• Your objective
Report only the number of lines in this material that include the string "Commit".
====== Working data
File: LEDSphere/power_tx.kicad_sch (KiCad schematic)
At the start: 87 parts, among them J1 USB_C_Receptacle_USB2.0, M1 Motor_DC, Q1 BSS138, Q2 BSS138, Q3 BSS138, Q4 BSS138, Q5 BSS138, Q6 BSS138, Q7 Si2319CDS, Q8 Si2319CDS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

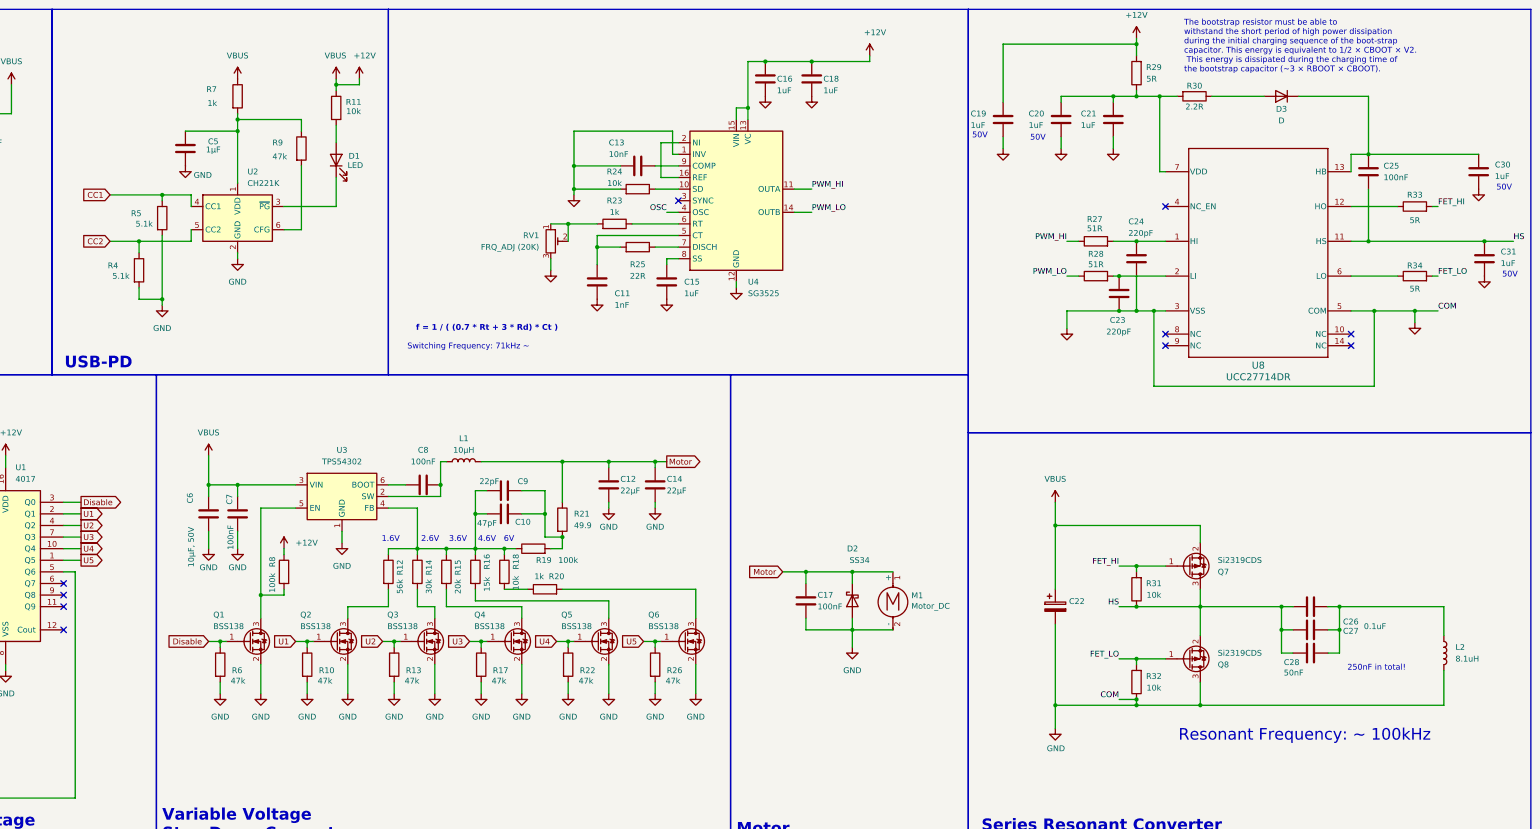
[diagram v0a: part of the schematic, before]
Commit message: Excluded Ground Pour
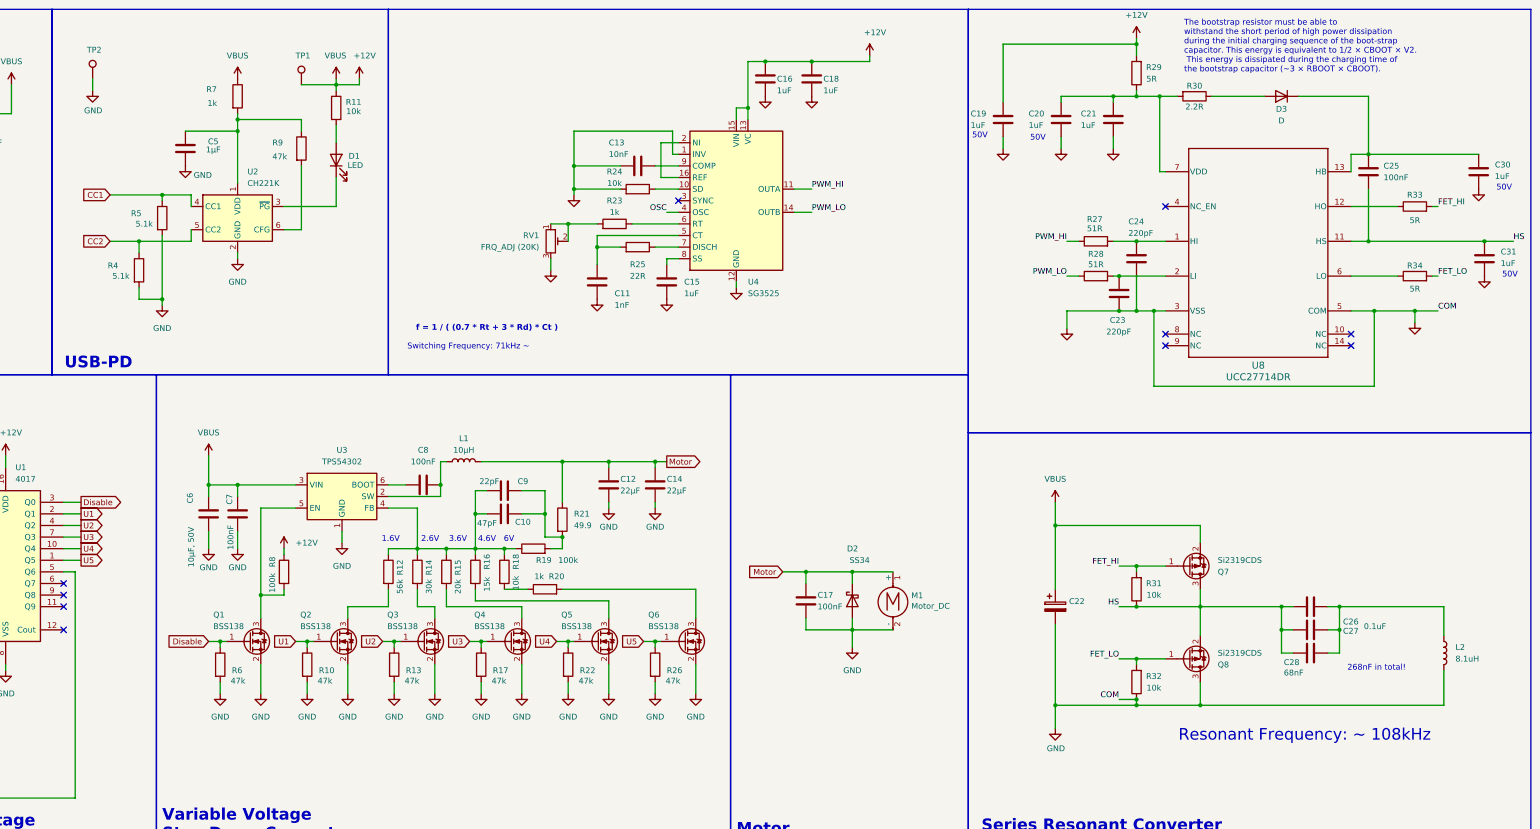
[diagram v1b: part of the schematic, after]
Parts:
- added TP1: TestPoint, TestPoint:TestPoint_Loop_D1.80mm_Drill1.0mm_Beaded, symbol Connector:TestPoint
- added TP2: TestPoint, TestPoint:TestPoint_Pad_D1.0mm, symbol Connector:TestPoint
- C28: value 50nF -> 68nF
- U8: footprint Footprints:D0014A -> Footprints:SOIC127P600X175-14N
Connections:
- net +12V: now also TP1.1
- net GND: now also TP2.1
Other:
- note added: "268nF in total!"
- note added: "Resonant Frequency: ~ 108kHz"
- note removed: "250nF in total!"
- note removed: "Resonant Frequency: ~ 100kHz"

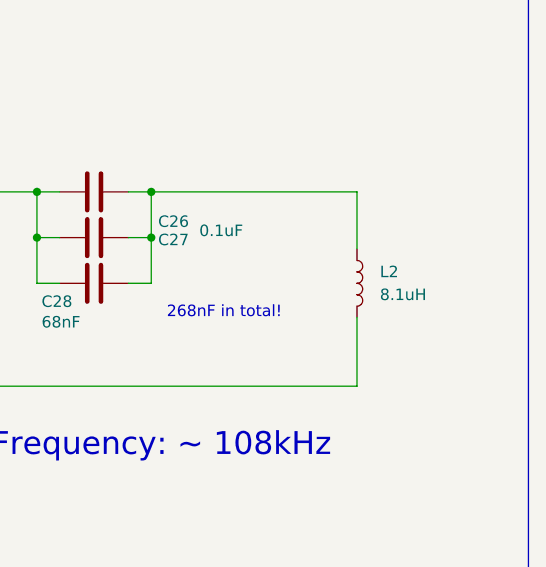
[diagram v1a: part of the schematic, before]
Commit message: Modify RX Schm. + Adjusted TX Coil
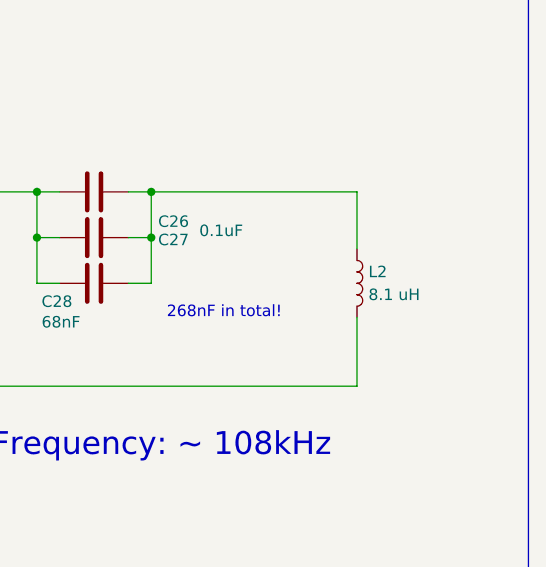
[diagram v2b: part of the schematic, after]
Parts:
- L2: value 8.1uH -> 8.1 uH
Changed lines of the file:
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@@
-	)
-	(symbol
-		(lib_id "Device:L")
-		(at 388.62 153.67 0)
-		(unit 1)
-		(body_style 1)
-		(exclude_from_sim no)
-		(in_bom yes)
-		(on_board yes)
-		(in_pos_files yes)
-		(dnp no)
-		(property "Reference" "L2"
-			(at 391.16 152.3999 0)
-			(show_name no)
-			(do_not_autoplace no)
-			(effects
-				(font
-					(size 1.27 1.27)
-				)
-				(justify left)
-			)
-		)
-		(property "Value" "8.1uH"
-			(at 391.16 154.94 0)
-			(show_name no)
-			(do_not_autoplace no)
-			(effects
-				(font
-					(size 1.27 1.27)
-				)
-				(justify left)
-			)
-		)
-		(property "Footprint" "Footprints:power_coil"
-			(at 388.62 153.67 0)
-			(hide yes)
-			(show_name no)
-			(do_not_autoplace no)
-			(effects
-				(font
-					(size 1.27 1.27)
-				)
-			)
-		)
-		(property "Datasheet" ""
-			(at 388.62 153.67 0)
-			(hide yes)
-			(show_name no)
-			(do_not_autoplace no)
-			(effects
-				(font
-					(size 1.27 1.27)
-				)
-			)
-		)
-		(property "Description" "Inductor"
-			(at 388.62 153.67 0)
-			(hide yes)
-			(show_name no)
-			(do_not_autoplace no)
-			(effects
-				(font
-					(size 1.27 1.27)
-				)
-			)
-		)
-		(pin "2"
-		)
-		(pin "1"
-		)
-		(instances
-			(project "power_tx"
-				(path "/f4cb5b8b-e797-4af7-88e9-03d9cedfe909"
-					(reference "L2")
-					(unit 1)
-				)
-			)
-		)
 	)
 	(symbol
@@
 					(unit 1)
 				)
+			)
+		)
+	)
+	(symbol
+		(lib_id "Device:L")
+		(at 388.62 153.67 0)
+		(unit 1)
+		(body_style 1)
+		(exclude_from_sim no)
+		(in_bom yes)
+		(on_board yes)
+		(in_pos_files yes)
+		(dnp no)
+		(fields_autoplaced yes)
+		(property "Reference" "L2"
+			(at 389.89 152.3999 0)
+			(show_name no)
+			(do_not_autoplace no)
+			(effects
+				(font
+					(size 1.27 1.27)
+				)
+				(justify left)
+			)
+		)
+		(property "Value" "8.1 uH"
+			(at 389.89 154.9399 0)
+			(show_name no)
+			(do_not_autoplace no)
+			(effects
+				(font
+					(size 1.27 1.27)
+				)
+				(justify left)
+			)
+		)
+		(property "Footprint" "Footprints:power_coil"
+			(at 388.62 153.67 0)
+			(hide yes)
+			(show_name no)
+			(do_not_autoplace no)
+			(effects
+				(font
+					(size 1.27 1.27)
+				)
+			)
+		)
+		(property "Datasheet" ""
+			(at 388.62 153.67 0)
+			(hide yes)
+			(show_name no)
+			(do_not_autoplace no)
+			(effects
+				(font
+					(size 1.27 1.27)
+				)
+			)
+		)
+		(property "Description" "Inductor"
+			(at 388.62 153.67 0)
+			(hide yes)
+			(show_name no)
+			(do_not_autoplace no)
+			(effects
+				(font
+					(size 1.27 1.27)
+				)
+			)
+		)
+		(pin "1"
+		)
+		(pin "2"
+		)
+		(instances
+			(project "power_tx"
+				(path "/f4cb5b8b-e797-4af7-88e9-03d9cedfe909"
+					(reference "L2")
+					(unit 1)
+				)

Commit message: Most Recent TX Board Changes
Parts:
- added C29: 68nF, Capacitor_SMD:C_0603_1608Metric, symbol Device:C
- added TP3: TestPoint, TestPoint:TestPoint_Loop_D1.80mm_Drill1.0mm_Beaded, symbol Connector:TestPoint
- L2: value 8.1 uH -> 5.8 uH
- TP2: footprint TestPoint:TestPoint_Pad_D1.0mm -> TestPoint:TestPoint_Loop_D1.80mm_Drill1.0mm_Beaded
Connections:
- net HS: now also C29.1
- net OSC: now also TP3.1
- net at C26.2, C27.2, C28.2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: now also C29.2
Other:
- note added: "400nF in total!"
- note added: "Resonant Frequency: ~ 104kHz"
- note removed: "268nF in total!"
- note removed: "Resonant Frequency: ~ 108kHz"

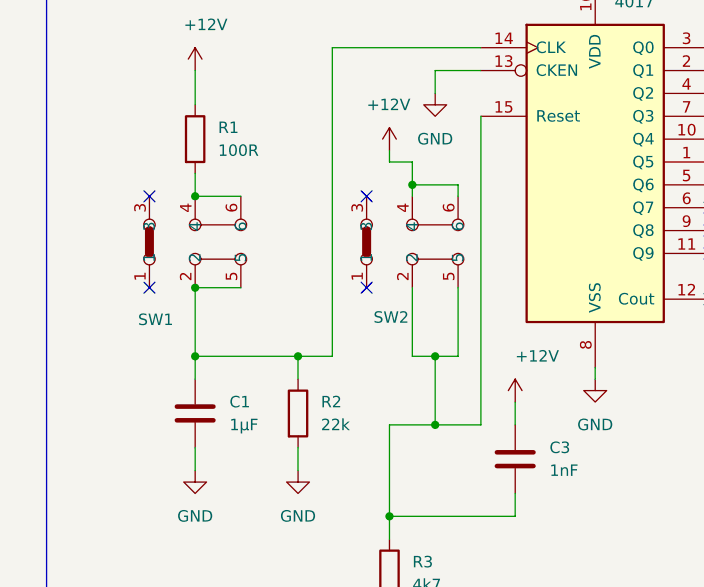
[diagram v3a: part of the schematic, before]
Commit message: Altered Button Part
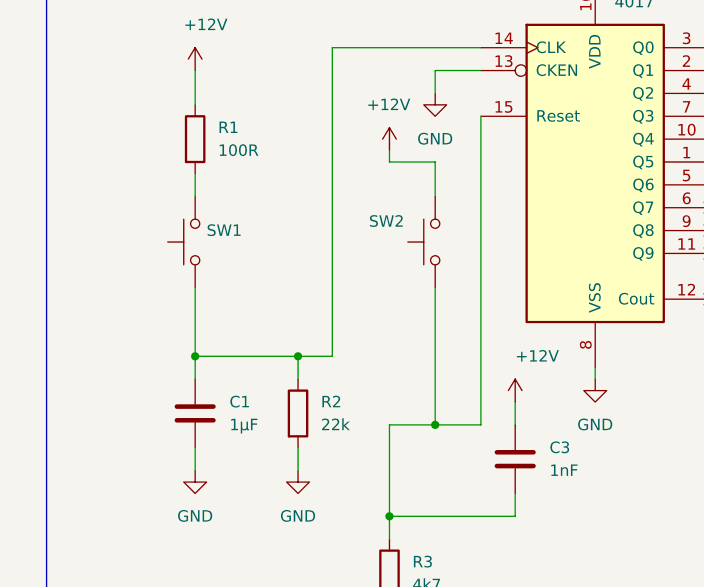
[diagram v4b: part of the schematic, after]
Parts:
- removed SW1, SW2: (no value), Footprints:XKB5858-X-F-75, symbol New_Library:XKB5858-X-F-75
- added SW1, SW2: SW_Push, Button_Switch_THT:SW_Tactile_SPST_Angled_PTS645Vx58-2LFS, symbol Switch:SW_Push
- D2: footprint Footprints:DIOM7959X262N -> Diode_SMD:D_SMA
- L1: footprint Inductor_SMD:L_Bourns_SRP7028A_7.3x6.6mm -> Inductor_SMD:L_Vishay_IHLP-3232; LCSC C5189958 -> (none)
- Q1: LCSC C7420339 -> (none)
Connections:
- net +12V: now also SW2.2
- net at C3.2, R3.1, U1.15 (Reset): now also SW2.1
- net at R1.2: now also SW1.2
- net at C1.1, R2.1, U1.14 (CLK): now also SW1.1
- no-connect marks 17 -> 13

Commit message: Edit 22uF Footprint to 1210
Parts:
- C12, C14: footprint Capacitor_SMD:C_0805_2012Metric -> Capacitor_SMD:C_1210_3225Metric
- D1: LCSC C84256 -> LSM0805412V
- SW1, SW2: Part # (none) -> PTS645VK58-2 LFS
- U1: LCSC C22390236 -> (none); Part # (none) -> CD4017BM96
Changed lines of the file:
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@@
 			)
 		)
-		(property "LCSC" "C84256"
+		(property "LCSC" "LSM0805412V"
 			(at 146.05 45.72 0)
 			(hide yes)
@@
 			)
 		)
-		(property "Datasheet" ""
+		(property "Datasheet" "https://www.digikey.com/en/products/detail/c-k/PTS645VK58-2-LFS/3861398"
 			(at 50.8 142.24 0)
 			(hide yes)
@@
 			)
 		)
+		(property "Part #" "PTS645VK58-2 LFS"
+			(at 55.88 142.24 90)
+			(hide yes)
+			(show_name no)
+			(do_not_autoplace no)
+			(effects
+				(font
+					(size 1.27 1.27)
+				)
+			)
+		)
 		(pin "1"
 		)
@@
 			)
 		)
-		(property "Description" "Trim-potentiometer"
+		(property "Description" "3362P-1-203LF"
 			(at 193.04 63.5 0)
 			(hide yes)
@@
 			)
 		)
-		(property "Datasheet" ""
+		(property "Datasheet" "https://www.digikey.com/en/products/detail/c-k/PTS645VK58-2-LFS/3861398"
 			(at 24.13 142.24 0)
 			(hide yes)
@@
 			)
 		)
+		(property "Part #" "PTS645VK58-2 LFS"
+			(at 29.21 142.24 90)
+			(hide yes)
+			(show_name no)
+			(do_not_autoplace no)
+			(effects
+				(font
+					(size 1.27 1.27)
+				)
+			)
+		)
 		(pin "1"
 		)
@@
 			)
 		)
-		(property "Footprint" "Capacitor_SMD:C_0805_2012Metric"
+		(property "Footprint" "Capacitor_SMD:C_1210_3225Metric"
 			(at 216.8652 120.65 0)
 			(hide yes)
@@
 			)
 		)
-		(property "LCSC" "C22390236"
+		(property "Part #" "CD4017BM96"
 			(at 73.66 133.35 0)
 			(hide yes)
@@
 			)
 		)
-		(property "Footprint" "Capacitor_SMD:C_0805_2012Metric"
+		(property "Footprint" "Capacitor_SMD:C_1210_3225Metric"
 			(at 206.7052 120.65 0)
 			(hide yes)

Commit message: Most up to date TX
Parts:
- added TP4, TP5: TestPoint, TestPoint:TestPoint_Pad_1.0x1.0mm, symbol Connector:TestPoint
- TP1, TP2, TP3: footprint TestPoint:TestPoint_Loop_D1.80mm_Drill1.0mm_Beaded -> TestPoint:TestPoint_THTPad_D2.0mm_Drill1.0mm
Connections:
- net GND: now also TP5.1
- net at C26.2, C27.2, C28.2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: now also TP4.1
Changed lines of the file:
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@@
 	)
 	(junction
+		(at 388.62 143.51)
+		(diameter 0)
+		(color 0 0 0 0)
+	)
+	(junction
 		(at 321.31 20.32)
 		(diameter 0)
@@
 	)
 	(junction
+		(at 388.62 165.1)
+		(diameter 0)
+		(color 0 0 0 0)
+	)
+	(junction
 		(at 120.65 151.13)
 		(diameter 0)
@@
 	(wire
 		(pts
+			(xy 388.62 165.1) (xy 394.97 165.1)
+		)
+		(stroke
+			(width 0)
+			(type default)
+		)
+	)
+	(wire
+		(pts
 			(xy 134.62 139.7) (xy 134.62 140.97)
 		)
@@
 	(wire
 		(pts
+			(xy 388.62 143.51) (xy 393.7 143.51)
+		)
+		(stroke
+			(width 0)
+			(type default)
+		)
+	)
+	(wire
+		(pts
 			(xy 167.64 143.51) (xy 167.64 146.05)
 		)
@@
 			)
 		)
-		(property "Footprint" "TestPoint:TestPoint_Loop_D1.80mm_Drill1.0mm_Beaded"
+		(property "Footprint" "TestPoint:TestPoint_THTPad_D2.0mm_Drill1.0mm"
 			(at 97.79 27.94 0)
 			(hide yes)
@@
 	)
 	(symbol
+		(lib_id "Connector:TestPoint")
+		(at 394.97 165.1 0)
+		(unit 1)
+		(body_style 1)
+		(exclude_from_sim no)
+		(in_bom yes)
+		(on_board yes)
+		(in_pos_files yes)
+		(dnp no)
+		(fields_autoplaced yes)
+		(property "Reference" "TP5"
+			(at 397.51 160.5279 0)
+			(show_name no)
+			(do_not_autoplace no)
+			(effects
+				(font
+					(size 1.27 1.27)
+				)
+				(justify left)
+			)
+		)
+		(property "Value" "TestPoint"
+			(at 397.51 163.0679 0)
+			(show_name no)
+			(do_not_autoplace no)
+			(effects
+				(font
+					(size 1.27 1.27)
+				)
+				(justify left)
+			)
+		)
+		(property "Footprint" "TestPoint:TestPoint_Pad_1.0x1.0mm"
+			(at 400.05 165.1 0)
+			(hide yes)
+			(show_name no)
+			(do_not_autoplace no)
+			(effects
+				(font
+					(size 1.27 1.27)
+				)
+			)
+		)
+		(property "Datasheet" ""
+			(at 400.05 165.1 0)
+			(hide yes)
+			(show_name no)
+			(do_not_autoplace no)
+			(effects
+				(font
+					(size 1.27 1.27)
+				)
+			)
+		)
+		(property "Description" "test point"
+			(at 394.97 165.1 0)
+			(hide yes)
+			(show_name no)
+			(do_not_autoplace no)
+			(effects
+				(font
+					(size 1.27 1.27)
+				)
+			)
+		)
+		(pin "1"
+		)
+		(instances
+			(project "power_tx"
+				(path "/f4cb5b8b-e797-4af7-88e9-03d9cedfe909"
+					(reference "TP5")
+					(unit 1)
+				)
+			)
+		)
+	)
+	(symbol
 		(lib_id "Device:R")
 		(at 382.27 55.88 90)
@@
 			)
 		)
-		(property "Footprint" "TestPoint:TestPoint_Loop_D1.80mm_Drill1.0mm_Beaded"
+		(property "Footprint" "TestPoint:TestPoint_THTPad_D2.0mm_Drill1.0mm"
 			(at 143.51 29.21 0)
 			(hide yes)
@@
 	)
 	(symbol
+		(lib_id "Connector:TestPoint")
+		(at 393.7 143.51 0)
+		(unit 1)
+		(body_style 1)
+		(exclude_from_sim no)
+		(in_bom yes)
+		(on_board yes)
+		(in_pos_files yes)
+		(dnp no)
+		(fields_autoplaced yes)
+		(property "Reference" "TP4"
+			(at 396.24 138.9379 0)
+			(show_name no)
+			(do_not_autoplace no)
+			(effects
+				(font
+					(size 1.27 1.27)
+				)
+				(justify left)
+			)
+		)
+		(property "Value" "TestPoint"
+			(at 396.24 141.4779 0)
+			(show_name no)
+			(do_not_autoplace no)
+			(effects
+				(font
+					(size 1.27 1.27)
+				)
+				(justify left)
+			)
+		)
+		(property "Footprint" "TestPoint:TestPoint_Pad_1.0x1.0mm"
+			(at 398.78 143.51 0)
+			(hide yes)
+			(show_name no)
+			(do_not_autoplace no)
+			(effects
+				(font
+					(size 1.27 1.27)
+				)
+			)
+		)
+		(property "Datasheet" ""
+			(at 398.78 143.51 0)
+			(hide yes)
+			(show_name no)
+			(do_not_autoplace no)
+			(effects
+				(font
+					(size 1.27 1.27)
+				)
+			)
+		)
+		(property "Description" "test point"
+			(at 393.7 143.51 0)
+			(hide yes)
+			(show_name no)
+			(do_not_autoplace no)
+			(effects
+				(font
+					(size 1.27 1.27)
+				)
+			)
+		)
+		(pin "1"
+		)
+		(instances
+			(project "power_tx"
+				(path "/f4cb5b8b-e797-4af7-88e9-03d9cedfe909"
+					(reference "TP4")
+					(unit 1)
+				)
+			)
+		)
+	)
+	(symbol
 		(lib_id "Transistor_FET:BSS138")
 		(at 127 151.13 0)
@@
 			)
 		)
-		(property "Footprint" "TestPoint:TestPoint_Loop_D1.80mm_Drill1.0mm_Beaded"
+		(property "Footprint" "TestPoint:TestPoint_THTPad_D2.0mm_Drill1.0mm"
 			(at 172.72 46.99 0)
 			(hide yes)
============
• Solution for this exercise
6